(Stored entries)
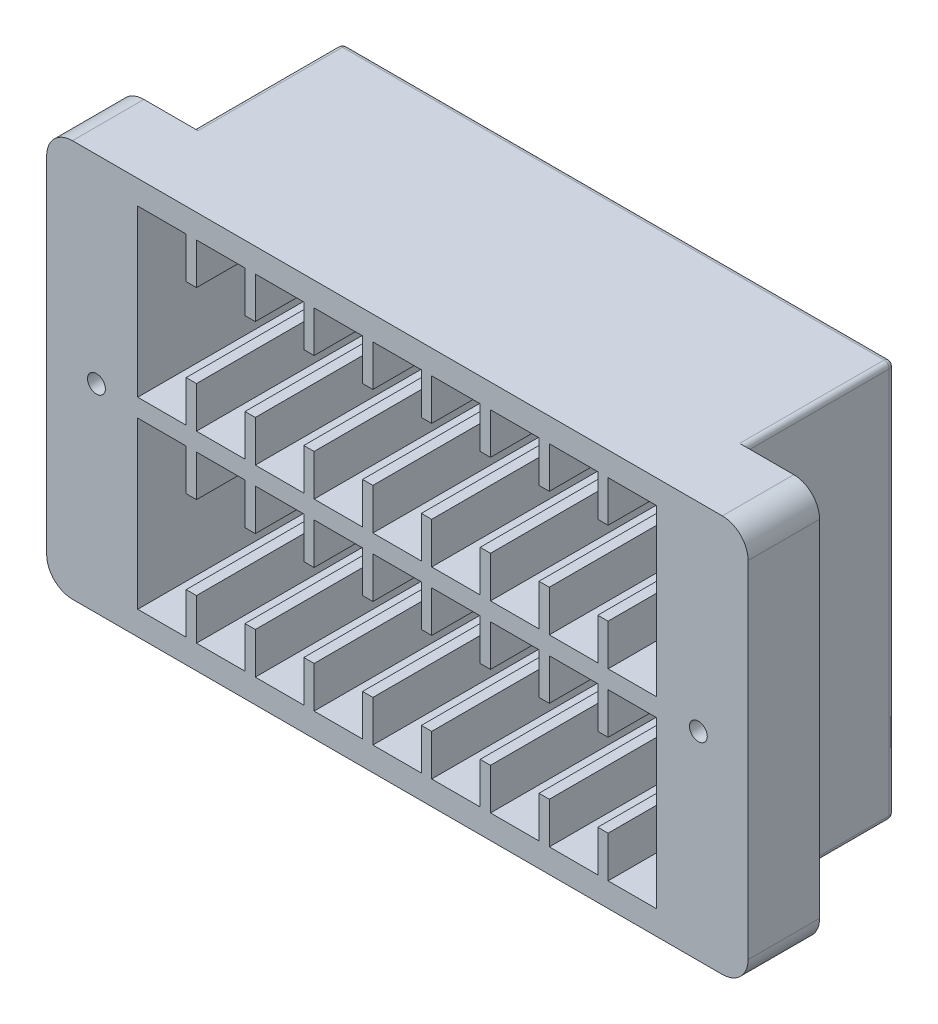
from build123d import *

# Parameters (mm, degrees)
SKETCH1_W                = 136
SKETCH1_H                = 77
SKETCH1_R                = 1.725
BOSS_EXTRUDE1_DEPTH      = 7.85
BOSS_EXTRUDE1_DEPTH_BACK = 6
SKETCH2_W                = 107
SKETCH2_H                = 77
BOSS_EXTRUDE2_DEPTH      = 29
CUT_EXTRUDE1_DEPTH       = 32.5
SKETCH4_W                = 2
SKETCH4_H                = 8
BOSS_EXTRUDE3_DEPTH      = 32.5
FILLET1_R                = 5
FILLET4_R                = 1


with BuildPart() as part:
    # Sketch1 → Boss-Extrude1 (new body, two sides)
    with BuildSketch(Plane.XY) as boss_extrude1_sk:
        Rectangle(SKETCH1_W, SKETCH1_H)
        with Locations((-58.35, 0)):
            Circle(SKETCH1_R, mode=Mode.SUBTRACT)
        with Locations((58.35, 0)):
            Circle(SKETCH1_R, mode=Mode.SUBTRACT)
    extrude(amount=BOSS_EXTRUDE1_DEPTH)
    extrude(boss_extrude1_sk.sketch, amount=-BOSS_EXTRUDE1_DEPTH_BACK)

    # Sketch2 → Boss-Extrude2 (add)
    with BuildSketch(Plane(origin=(0, 0, -6), x_dir=(-1, 0, 0), z_dir=(0, 0, -1))):
        Rectangle(SKETCH2_W, SKETCH2_H)
    extrude(amount=BOSS_EXTRUDE2_DEPTH)

    # Sketch3 → Cut-Extrude1 (cut)
    with BuildSketch(Plane.XY.offset(7.85)):
        Polygon((-38.95, 33.85), (-38.95, 25.85), (-40.95, 25.85), (-40.95, 33.85), (-50.35, 33.85), (-50.35, 1.75), (50.25, 1.75), (50.25, 33.85), (40.85, 33.85), (40.85, 25.85), (38.85, 25.85), (38.85, 33.85), (29.45, 33.85), (29.45, 25.85), (27.45, 25.85), (27.45, 33.85), (18.05, 33.85), (18.05, 25.85), (16.05, 25.85), (16.05, 33.85), (6.65, 33.85), (6.65, 25.85), (4.65, 25.85), (4.65, 33.85), (-4.75, 33.85), (-4.75, 25.85), (-6.75, 25.85), (-6.75, 33.85), (-16.15, 33.85), (-16.15, 25.85), (-18.15, 25.85), (-18.15, 33.85), (-27.55, 33.85), (-27.55, 25.85), (-29.55, 25.85), (-29.55, 33.85), align=None)
    cut_extrude1 = extrude(amount=-CUT_EXTRUDE1_DEPTH, mode=Mode.SUBTRACT)

    # Mirror1: Cut-Extrude1 across plane
    add(cut_extrude1.mirror(Plane.ZX), mode=Mode.SUBTRACT)

    # Sketch4 → Boss-Extrude3 (add)
    with BuildSketch(Plane.XY.offset(7.85)):
        with Locations((-39.95, 5.75)):
            Rectangle(SKETCH4_W, SKETCH4_H)
        with Locations((-28.55, 5.75)):
            Rectangle(SKETCH4_W, SKETCH4_H)
        with Locations((-17.15, 5.75)):
            Rectangle(SKETCH4_W, SKETCH4_H)
        with Locations((-5.75, 5.75)):
            Rectangle(SKETCH4_W, SKETCH4_H)
        with Locations((5.65, 5.75)):
            Rectangle(SKETCH4_W, SKETCH4_H)
        with Locations((17.05, 5.75)):
            Rectangle(SKETCH4_W, SKETCH4_H)
        with Locations((28.45, 5.75)):
            Rectangle(SKETCH4_W, SKETCH4_H)
        with Locations((39.85, 5.75)):
            Rectangle(SKETCH4_W, SKETCH4_H)
    boss_extrude3 = extrude(amount=-BOSS_EXTRUDE3_DEPTH)

    # Mirror2: Boss-Extrude3 across plane
    add(boss_extrude3.mirror(Plane.ZX))

    # Fillet1
    fillet1_edges = [part.edges().sort_by_distance(p)[0] for p in [
        (-68, 38.5, 0.925),
        (68, 38.5, 0.925),
        (68, -38.5, 0.925),
        (-68, -38.5, 0.925),
    ]]
    fillet(fillet1_edges, radius=FILLET1_R)

    # Fillet4
    fillet4_edges = [part.edges().sort_by_distance(p)[0] for p in [
        (53.5, 38.5, -20.5),
        (53.5, -38.5, -20.5),
        (-53.5, -38.5, -20.5),
        (-53.5, 38.5, -20.5),
        (53.5, 0, -35),
        (0, -38.5, -35),
        (-53.5, 0, -35),
        (0, 38.5, -35),
    ]]
    fillet(fillet4_edges, radius=FILLET4_R)


solid = part.part
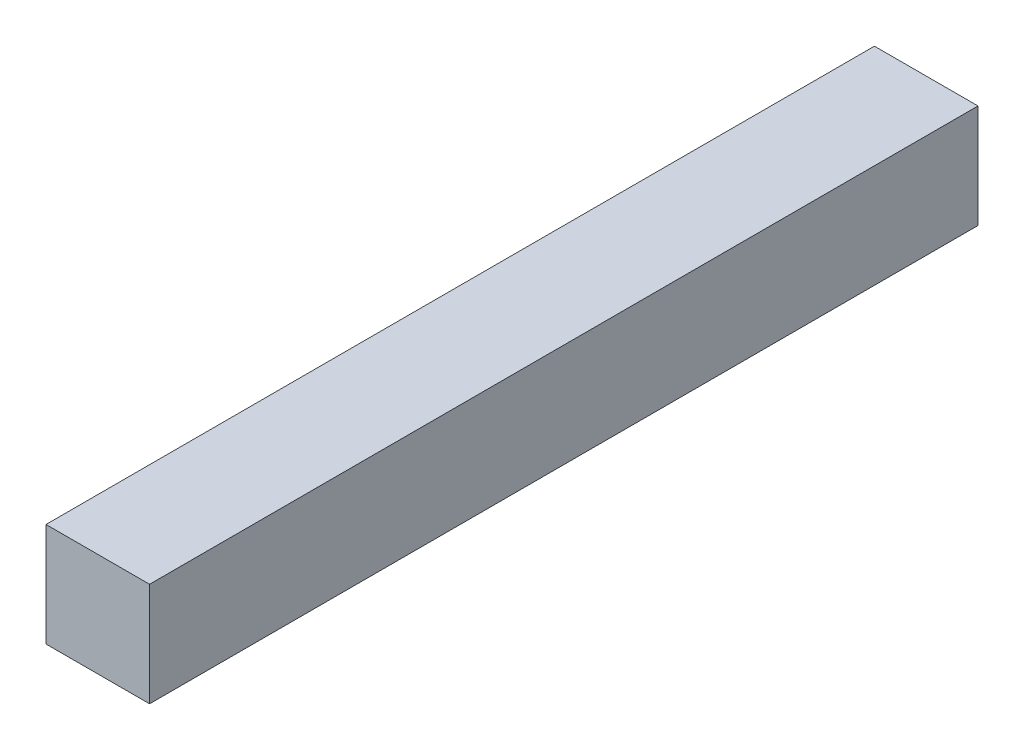
from build123d import *

# Parameters (mm, degrees)
SKETCH1_W           = 10
SKETCH1_H           = 10
BOSS_EXTRUDE1_DEPTH = 80


with BuildPart() as part:
    # Sketch1 → Boss-Extrude1 (new body)
    with BuildSketch(Plane.XY):
        Rectangle(SKETCH1_W, SKETCH1_H)
    extrude(amount=BOSS_EXTRUDE1_DEPTH)


solid = part.part
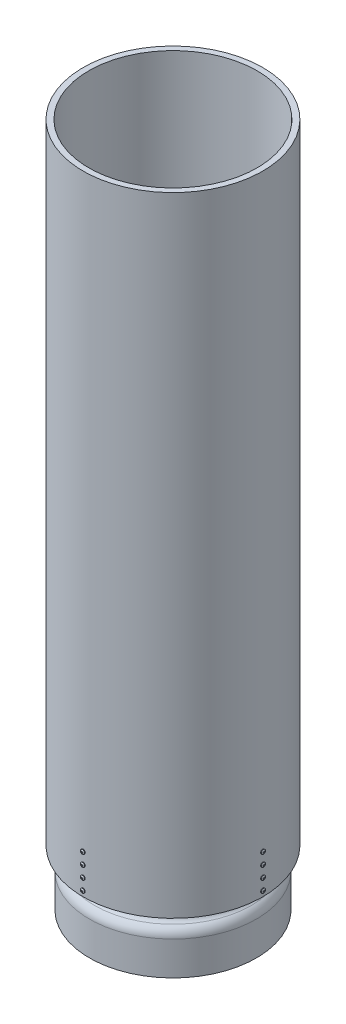
from build123d import *

# Parameters (mm, degrees)
SKETCH2_W           = 12.7
SKETCH2_H           = 1422.4
BOSS_EXTRUDE1_DEPTH = 101.6
SKETCH4_R           = 2.5527
CUT_EXTRUDE1_DEPTH  = 25.4
CIRPATTERN1_COUNT   = 4
CIRPATTERN2_COUNT   = 4
CUT_EXTRUDE2_DEPTH  = 1.5875
LPATTERN1_COUNT     = 4
LPATTERN1_PITCH     = 25.4
CIRPATTERN3_COUNT   = 4


with BuildPart() as part:
    # Sketch2 → Revolve1 (revolve)
    with BuildSketch(Plane.XY, mode=Mode.PRIVATE) as revolve1_sk:
        with BuildLine():
            Line((-177.8, 0), (-177.8, 76.2))
            ThreePointArc((-177.8, 76.2), (-175.739444065, 84.42915702), (-170.044062963, 90.716250952))
            ThreePointArc((-170.044062963, 90.716250952), (-161.759872268, 99.861114853), (-158.7627, 111.830797791))
            Line((-158.7627, 111.830797791), (-158.7627, 228.6))
            Line((-158.7627, 228.6), (-169.8625, 228.6))
            Line((-169.8625, 228.6), (-169.8625, 111.830797791))
            ThreePointArc((-169.8625, 111.830797791), (-171.923055935, 103.601640771), (-177.618437037, 97.314546839))
            ThreePointArc((-177.618437037, 97.314546839), (-185.902627732, 88.169682938), (-188.8998, 76.2))
            Line((-188.8998, 76.2), (-188.8998, 0))
            Line((-188.8998, 0), (-177.8, 0))
        make_face()
        with Locations((-196.85, 838.2)):
            Rectangle(SKETCH2_W, SKETCH2_H)
    revolve(revolve1_sk.sketch.rotate(Axis((0, -96.465125913, 0), (0, 1, 0)), 270), axis=Axis((0, -96.465125913, 0), (0, 1, 0)))


with BuildPart() as body_2:
    # Sketch3 → Boss-Extrude1 (new body)
    with BuildSketch(Plane.XZ.offset(-127)):
        with BuildLine():
            Line((-9.525, 190.261725986), (-9.525, 169.595233663))
            ThreePointArc((-9.525, 169.595233663), (0, 169.8625), (9.525, 169.595233663))
            Line((9.525, 169.595233663), (9.525, 190.261725986))
            ThreePointArc((9.525, 190.261725986), (0, 190.5), (-9.525, 190.261725986))
        make_face()
    extrude(amount=-BOSS_EXTRUDE1_DEPTH)


with BuildPart() as cut_extrude1_tool:
    # Sketch4 → Cut-Extrude1 (new body)
    with BuildSketch(Plane.XY.offset(203.2)):
        with Locations((0, 139.7)):
            Circle(SKETCH4_R)
        with Locations((0, 165.1)):
            Circle(SKETCH4_R)
        with Locations((0, 190.5)):
            Circle(SKETCH4_R)
        with Locations((0, 215.9)):
            Circle(SKETCH4_R)
    cut_extrude1 = extrude(amount=-CUT_EXTRUDE1_DEPTH)


with BuildPart() as part_1:
    add(part.part)

    # Cut-Extrude1: cut by cut_extrude1_tool
    add(cut_extrude1_tool.part, mode=Mode.SUBTRACT)

    # CirPattern2: Cut-Extrude1 ×4 about axis
    cirpattern2_axis = Axis((0, 127, 0), (0, -1, 0))
    for i in range(1, CIRPATTERN2_COUNT):
        add(cut_extrude1.rotate(cirpattern2_axis, i * 360 / CIRPATTERN2_COUNT), mode=Mode.SUBTRACT)


with BuildPart() as body_2_1:
    add(body_2.part)

    # Cut-Extrude1: cut by cut_extrude1_tool
    add(cut_extrude1_tool.part, mode=Mode.SUBTRACT)


with BuildPart() as cirpattern1_1:
    # CirPattern1: pattern copy
    add(body_2_1.part.rotate(Axis((0, 0, 0), (0, 1, 0)), 1 * 360 / CIRPATTERN1_COUNT))


with BuildPart() as cirpattern1_2:
    # CirPattern1: pattern copy
    add(body_2_1.part.rotate(Axis((0, 0, 0), (0, 1, 0)), 2 * 360 / CIRPATTERN1_COUNT))


with BuildPart() as cirpattern1_3:
    # CirPattern1: pattern copy
    add(body_2_1.part.rotate(Axis((0, 0, 0), (0, 1, 0)), 3 * 360 / CIRPATTERN1_COUNT))


with BuildPart() as body_6:
    # Sketch6 → Revolve2 (revolve)
    with BuildSketch(Plane(origin=(0, 0, 0), x_dir=(0, 0, -1), z_dir=(1, 0, 0)), mode=Mode.PRIVATE) as revolve2_sk:
        with BuildLine():
            Line((-203.2, 215.9), (-203.2, 211.1629))
            Line((-203.2, 211.1629), (-204.7875, 211.1629))
            ThreePointArc((-204.7875, 211.1629), (-206.115582066, 213.367870318), (-206.5782, 215.9))
            Line((-206.5782, 215.9), (-203.2, 215.9))
        make_face()
    revolve(revolve2_sk.sketch.rotate(Axis((0, 215.9, 226.844724076), (0, 0, -1)), 180), axis=Axis((0, 215.9, 226.844724076), (0, 0, -1)))

    # Sketch7 → Cut-Extrude2 (cut)
    with BuildSketch(Plane.XY.offset(206.5782)):
        Polygon((2.38125, 216.296875), (0.396875, 216.296875), (0.396875, 218.28125), (-0.396875, 218.28125), (-0.396875, 216.296875), (-2.38125, 216.296875), (-2.38125, 215.503125), (-0.396875, 215.503125), (-0.396875, 213.51875), (0.396875, 213.51875), (0.396875, 215.503125), (2.38125, 215.503125), align=None)
    extrude(amount=-CUT_EXTRUDE2_DEPTH, mode=Mode.SUBTRACT)


with BuildPart() as lpattern1_1:
    # LPattern1: pattern copy
    add(body_6.part.moved(Location(Vector(0, -1, 0) * (1 * LPATTERN1_PITCH))))


with BuildPart() as lpattern1_2:
    # LPattern1: pattern copy
    add(body_6.part.moved(Location(Vector(0, -1, 0) * (2 * LPATTERN1_PITCH))))


with BuildPart() as lpattern1_3:
    # LPattern1: pattern copy
    add(body_6.part.moved(Location(Vector(0, -1, 0) * (3 * LPATTERN1_PITCH))))


with BuildPart() as cirpattern3_1:
    # CirPattern3: pattern copy
    add(lpattern1_1.part.rotate(Axis((0, 0, 0), (0, 1, 0)), 1 * 360 / CIRPATTERN3_COUNT))


with BuildPart() as cirpattern3_2:
    # CirPattern3: pattern copy
    add(lpattern1_1.part.rotate(Axis((0, 0, 0), (0, 1, 0)), 2 * 360 / CIRPATTERN3_COUNT))


with BuildPart() as cirpattern3_3:
    # CirPattern3: pattern copy
    add(lpattern1_1.part.rotate(Axis((0, 0, 0), (0, 1, 0)), 3 * 360 / CIRPATTERN3_COUNT))


with BuildPart() as cirpattern3_4:
    # CirPattern3: pattern copy
    add(lpattern1_3.part.rotate(Axis((0, 0, 0), (0, 1, 0)), 1 * 360 / CIRPATTERN3_COUNT))


with BuildPart() as cirpattern3_5:
    # CirPattern3: pattern copy
    add(lpattern1_3.part.rotate(Axis((0, 0, 0), (0, 1, 0)), 2 * 360 / CIRPATTERN3_COUNT))


with BuildPart() as cirpattern3_6:
    # CirPattern3: pattern copy
    add(lpattern1_3.part.rotate(Axis((0, 0, 0), (0, 1, 0)), 3 * 360 / CIRPATTERN3_COUNT))


with BuildPart() as cirpattern3_7:
    # CirPattern3: pattern copy
    add(lpattern1_2.part.rotate(Axis((0, 0, 0), (0, 1, 0)), 1 * 360 / CIRPATTERN3_COUNT))


with BuildPart() as cirpattern3_8:
    # CirPattern3: pattern copy
    add(lpattern1_2.part.rotate(Axis((0, 0, 0), (0, 1, 0)), 2 * 360 / CIRPATTERN3_COUNT))


with BuildPart() as cirpattern3_9:
    # CirPattern3: pattern copy
    add(lpattern1_2.part.rotate(Axis((0, 0, 0), (0, 1, 0)), 3 * 360 / CIRPATTERN3_COUNT))


with BuildPart() as cirpattern3_10:
    # CirPattern3: pattern copy
    add(body_6.part.rotate(Axis((0, 0, 0), (0, 1, 0)), 1 * 360 / CIRPATTERN3_COUNT))


with BuildPart() as cirpattern3_11:
    # CirPattern3: pattern copy
    add(body_6.part.rotate(Axis((0, 0, 0), (0, 1, 0)), 2 * 360 / CIRPATTERN3_COUNT))


with BuildPart() as cirpattern3_12:
    # CirPattern3: pattern copy
    add(body_6.part.rotate(Axis((0, 0, 0), (0, 1, 0)), 3 * 360 / CIRPATTERN3_COUNT))


solid = Compound([part_1.part, body_2_1.part, cirpattern1_1.part, cirpattern1_2.part, cirpattern1_3.part, body_6.part, lpattern1_1.part, lpattern1_2.part, lpattern1_3.part, cirpattern3_1.part, cirpattern3_2.part, cirpattern3_3.part, cirpattern3_4.part, cirpattern3_5.part, cirpattern3_6.part, cirpattern3_7.part, cirpattern3_8.part, cirpattern3_9.part, cirpattern3_10.part, cirpattern3_11.part, cirpattern3_12.part])

* _What the task asks_: Where in the entries above does the word "PRIVATE" appear? Copy each line that has it.

* _Result for this task_:
    with BuildSketch(Plane.XY, mode=Mode.PRIVATE) as revolve1_sk:
    with BuildSketch(Plane(origin=(0, 0, 0), x_dir=(0, 0, -1), z_dir=(1, 0, 0)), mode=Mode.PRIVATE) as revolve2_sk:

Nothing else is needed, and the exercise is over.